§ Your assignment
Could you copy every line from the material below in which "schematic" appears?

§ Supplied records
————————

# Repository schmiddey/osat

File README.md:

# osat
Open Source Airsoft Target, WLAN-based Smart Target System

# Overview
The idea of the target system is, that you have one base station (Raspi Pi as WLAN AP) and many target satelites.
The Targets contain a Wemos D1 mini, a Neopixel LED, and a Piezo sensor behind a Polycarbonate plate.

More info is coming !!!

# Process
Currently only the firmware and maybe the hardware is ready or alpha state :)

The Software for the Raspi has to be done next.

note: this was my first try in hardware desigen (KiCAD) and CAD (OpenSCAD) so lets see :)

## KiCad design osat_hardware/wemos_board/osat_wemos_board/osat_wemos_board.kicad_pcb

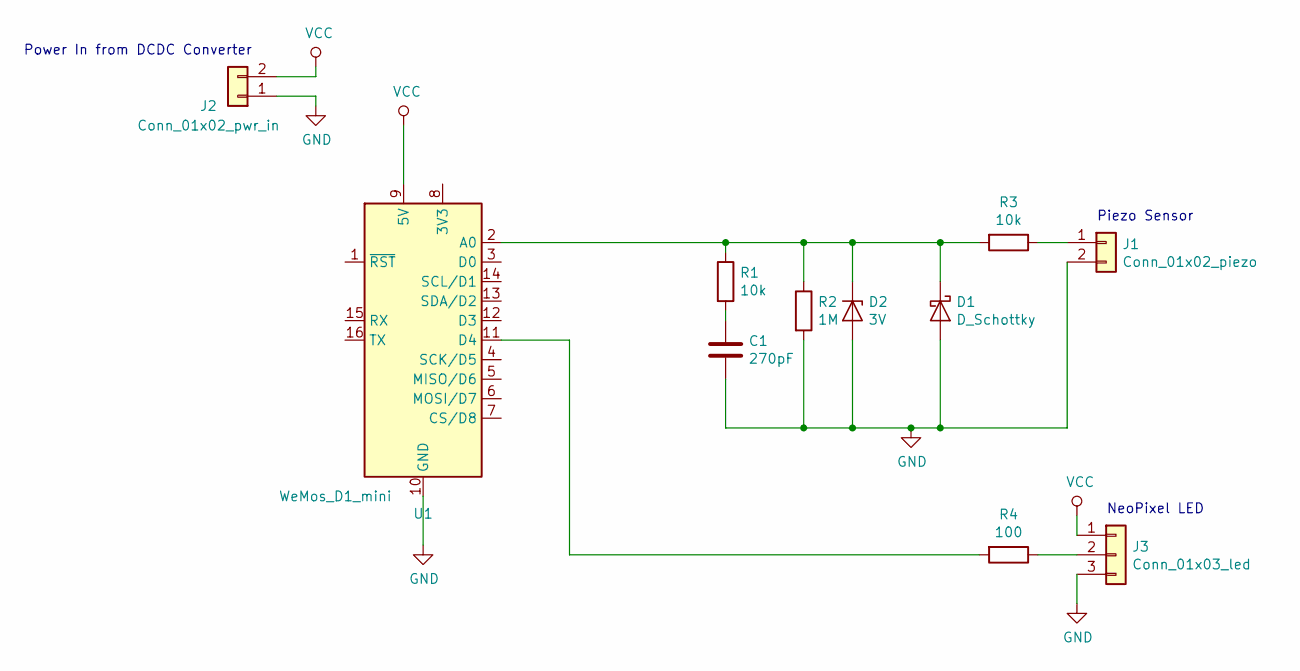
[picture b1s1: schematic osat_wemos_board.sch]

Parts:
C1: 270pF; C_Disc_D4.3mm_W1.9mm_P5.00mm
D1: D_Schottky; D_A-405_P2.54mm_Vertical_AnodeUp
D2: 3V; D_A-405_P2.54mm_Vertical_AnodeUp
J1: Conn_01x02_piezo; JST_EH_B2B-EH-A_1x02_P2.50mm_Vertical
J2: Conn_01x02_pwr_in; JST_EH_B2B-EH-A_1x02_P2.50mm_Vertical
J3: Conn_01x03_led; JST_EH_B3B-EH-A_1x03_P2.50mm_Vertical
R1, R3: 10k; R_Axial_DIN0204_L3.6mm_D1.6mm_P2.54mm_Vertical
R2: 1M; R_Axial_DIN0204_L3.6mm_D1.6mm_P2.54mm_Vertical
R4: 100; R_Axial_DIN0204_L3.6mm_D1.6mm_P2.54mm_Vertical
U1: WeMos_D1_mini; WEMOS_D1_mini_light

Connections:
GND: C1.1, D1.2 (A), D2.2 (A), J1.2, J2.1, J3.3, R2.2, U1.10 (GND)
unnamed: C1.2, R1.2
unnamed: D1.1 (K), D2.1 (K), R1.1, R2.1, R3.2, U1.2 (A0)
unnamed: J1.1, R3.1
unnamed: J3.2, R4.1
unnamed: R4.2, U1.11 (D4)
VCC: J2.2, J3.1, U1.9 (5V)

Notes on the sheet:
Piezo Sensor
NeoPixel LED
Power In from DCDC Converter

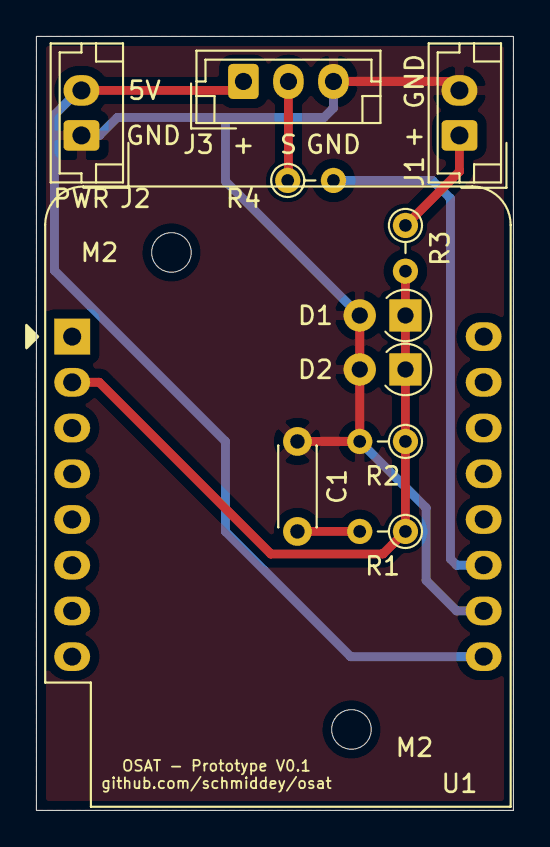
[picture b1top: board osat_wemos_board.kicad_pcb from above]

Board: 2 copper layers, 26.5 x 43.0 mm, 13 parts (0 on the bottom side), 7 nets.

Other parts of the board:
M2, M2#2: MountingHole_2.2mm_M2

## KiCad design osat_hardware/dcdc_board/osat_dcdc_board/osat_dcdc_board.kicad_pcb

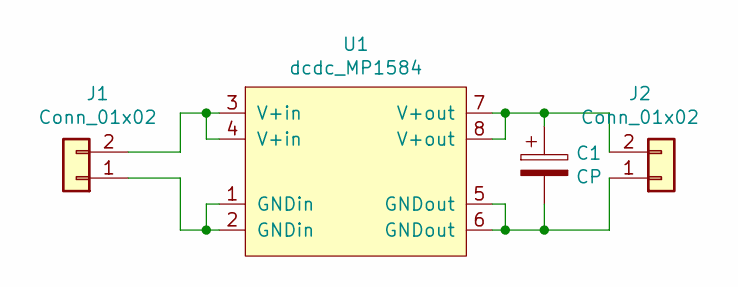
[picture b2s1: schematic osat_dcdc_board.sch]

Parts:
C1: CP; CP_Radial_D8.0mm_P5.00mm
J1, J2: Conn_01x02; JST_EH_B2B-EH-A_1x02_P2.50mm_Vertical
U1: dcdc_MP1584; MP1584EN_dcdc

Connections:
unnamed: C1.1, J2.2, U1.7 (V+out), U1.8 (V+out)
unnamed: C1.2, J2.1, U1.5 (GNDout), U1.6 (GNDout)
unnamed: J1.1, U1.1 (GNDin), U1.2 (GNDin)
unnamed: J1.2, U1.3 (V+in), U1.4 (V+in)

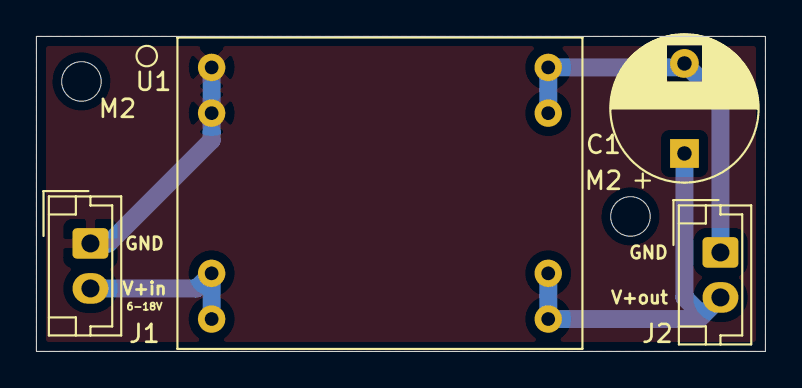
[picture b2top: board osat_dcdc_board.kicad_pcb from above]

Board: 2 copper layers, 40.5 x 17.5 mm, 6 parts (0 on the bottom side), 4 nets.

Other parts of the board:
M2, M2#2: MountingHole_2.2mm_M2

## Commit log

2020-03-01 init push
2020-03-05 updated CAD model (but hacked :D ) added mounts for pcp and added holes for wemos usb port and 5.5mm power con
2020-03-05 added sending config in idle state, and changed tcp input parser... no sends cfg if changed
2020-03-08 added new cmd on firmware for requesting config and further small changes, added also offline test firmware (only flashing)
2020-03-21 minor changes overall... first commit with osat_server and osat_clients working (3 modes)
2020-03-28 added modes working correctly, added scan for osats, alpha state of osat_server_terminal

————————

§ Finished exercise
[picture b1s1: schematic osat_wemos_board.sch]
[picture b2s1: schematic osat_dcdc_board.sch]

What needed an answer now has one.